▶ [Exercise requirements]: Find each line in the records below that contains the word "also", and copy it out.

(Collected data entries)
* * * * * * *

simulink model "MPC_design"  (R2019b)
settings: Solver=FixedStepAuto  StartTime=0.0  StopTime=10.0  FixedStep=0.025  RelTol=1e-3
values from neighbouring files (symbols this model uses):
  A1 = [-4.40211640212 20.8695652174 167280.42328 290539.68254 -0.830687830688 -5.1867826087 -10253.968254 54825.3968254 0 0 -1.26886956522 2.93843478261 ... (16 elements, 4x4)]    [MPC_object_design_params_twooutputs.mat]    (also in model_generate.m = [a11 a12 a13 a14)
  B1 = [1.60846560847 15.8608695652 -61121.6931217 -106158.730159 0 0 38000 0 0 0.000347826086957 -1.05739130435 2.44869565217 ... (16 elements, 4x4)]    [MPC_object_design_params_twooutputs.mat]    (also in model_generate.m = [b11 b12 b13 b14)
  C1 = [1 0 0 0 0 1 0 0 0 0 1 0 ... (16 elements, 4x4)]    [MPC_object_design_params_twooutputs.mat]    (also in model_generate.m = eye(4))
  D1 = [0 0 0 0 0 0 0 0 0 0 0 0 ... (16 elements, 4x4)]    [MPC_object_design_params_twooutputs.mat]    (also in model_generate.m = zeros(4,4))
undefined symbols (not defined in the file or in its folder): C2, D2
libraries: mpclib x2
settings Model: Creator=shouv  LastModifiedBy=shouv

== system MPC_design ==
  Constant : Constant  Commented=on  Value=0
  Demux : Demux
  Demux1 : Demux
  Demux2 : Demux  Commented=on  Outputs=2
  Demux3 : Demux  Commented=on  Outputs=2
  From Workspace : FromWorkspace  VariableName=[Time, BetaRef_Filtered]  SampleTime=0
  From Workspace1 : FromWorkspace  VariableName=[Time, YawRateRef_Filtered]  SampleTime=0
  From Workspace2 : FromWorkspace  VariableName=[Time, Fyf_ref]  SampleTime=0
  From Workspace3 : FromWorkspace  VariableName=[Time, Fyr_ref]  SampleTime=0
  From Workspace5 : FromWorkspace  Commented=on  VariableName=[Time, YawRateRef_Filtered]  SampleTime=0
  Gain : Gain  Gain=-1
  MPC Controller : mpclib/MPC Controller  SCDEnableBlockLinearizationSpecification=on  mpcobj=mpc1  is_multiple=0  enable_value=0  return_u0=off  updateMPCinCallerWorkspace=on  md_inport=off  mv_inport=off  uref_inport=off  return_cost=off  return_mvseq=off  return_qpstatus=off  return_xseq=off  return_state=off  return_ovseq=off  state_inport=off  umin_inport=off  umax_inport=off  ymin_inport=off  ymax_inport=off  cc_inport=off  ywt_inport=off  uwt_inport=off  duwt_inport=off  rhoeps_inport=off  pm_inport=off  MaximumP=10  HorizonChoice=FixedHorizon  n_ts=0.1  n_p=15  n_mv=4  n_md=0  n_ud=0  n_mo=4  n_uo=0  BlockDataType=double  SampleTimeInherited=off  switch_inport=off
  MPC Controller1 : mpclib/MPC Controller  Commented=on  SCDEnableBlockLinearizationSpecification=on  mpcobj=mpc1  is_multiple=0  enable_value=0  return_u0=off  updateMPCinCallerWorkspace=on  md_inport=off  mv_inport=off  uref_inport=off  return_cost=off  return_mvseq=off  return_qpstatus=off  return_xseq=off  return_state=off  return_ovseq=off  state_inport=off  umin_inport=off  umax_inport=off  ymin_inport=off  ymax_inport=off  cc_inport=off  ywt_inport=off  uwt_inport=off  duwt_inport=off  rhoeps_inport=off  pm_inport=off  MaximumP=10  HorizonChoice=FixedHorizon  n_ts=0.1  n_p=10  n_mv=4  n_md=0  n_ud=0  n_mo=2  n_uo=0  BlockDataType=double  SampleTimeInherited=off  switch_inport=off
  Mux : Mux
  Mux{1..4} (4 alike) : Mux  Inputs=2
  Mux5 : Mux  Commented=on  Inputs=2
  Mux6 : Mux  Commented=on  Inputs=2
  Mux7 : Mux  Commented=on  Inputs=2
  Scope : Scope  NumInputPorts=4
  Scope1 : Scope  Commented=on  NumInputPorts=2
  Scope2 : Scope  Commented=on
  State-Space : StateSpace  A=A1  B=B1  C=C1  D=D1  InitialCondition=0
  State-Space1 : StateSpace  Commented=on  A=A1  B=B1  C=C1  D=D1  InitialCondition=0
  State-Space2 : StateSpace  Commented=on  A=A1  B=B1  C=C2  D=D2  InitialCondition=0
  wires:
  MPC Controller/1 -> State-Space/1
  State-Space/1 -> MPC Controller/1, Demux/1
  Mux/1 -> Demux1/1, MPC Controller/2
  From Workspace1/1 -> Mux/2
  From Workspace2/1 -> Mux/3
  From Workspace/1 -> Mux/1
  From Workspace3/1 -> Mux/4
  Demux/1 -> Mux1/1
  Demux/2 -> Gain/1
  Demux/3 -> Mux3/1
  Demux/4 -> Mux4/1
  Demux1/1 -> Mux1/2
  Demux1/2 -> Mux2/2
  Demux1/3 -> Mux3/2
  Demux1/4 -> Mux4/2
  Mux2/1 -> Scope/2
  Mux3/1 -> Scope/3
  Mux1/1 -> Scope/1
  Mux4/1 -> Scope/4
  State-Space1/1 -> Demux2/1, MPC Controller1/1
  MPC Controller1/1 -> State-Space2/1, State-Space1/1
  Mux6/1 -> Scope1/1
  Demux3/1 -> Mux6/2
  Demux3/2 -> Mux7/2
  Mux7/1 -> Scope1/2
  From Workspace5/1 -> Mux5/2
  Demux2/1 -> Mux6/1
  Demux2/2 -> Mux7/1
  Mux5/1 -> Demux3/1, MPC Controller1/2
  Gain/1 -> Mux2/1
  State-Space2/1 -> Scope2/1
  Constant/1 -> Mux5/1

* * * * * * *

▶ [Solution]:
  A1 = [-4.40211640212 20.8695652174 167280.42328 290539.68254 -0.830687830688 -5.1867826087 -10253.968254 54825.3968254 0 0 -1.26886956522 2.93843478261 ... (16 elements, 4x4)]    [MPC_object_design_params_twooutputs.mat]    (also in model_generate.m = [a11 a12 a13 a14)
  B1 = [1.60846560847 15.8608695652 -61121.6931217 -106158.730159 0 0 38000 0 0 0.000347826086957 -1.05739130435 2.44869565217 ... (16 elements, 4x4)]    [MPC_object_design_params_twooutputs.mat]    (also in model_generate.m = [b11 b12 b13 b14)
  C1 = [1 0 0 0 0 1 0 0 0 0 1 0 ... (16 elements, 4x4)]    [MPC_object_design_params_twooutputs.mat]    (also in model_generate.m = eye(4))
  D1 = [0 0 0 0 0 0 0 0 0 0 0 0 ... (16 elements, 4x4)]    [MPC_object_design_params_twooutputs.mat]    (also in model_generate.m = zeros(4,4))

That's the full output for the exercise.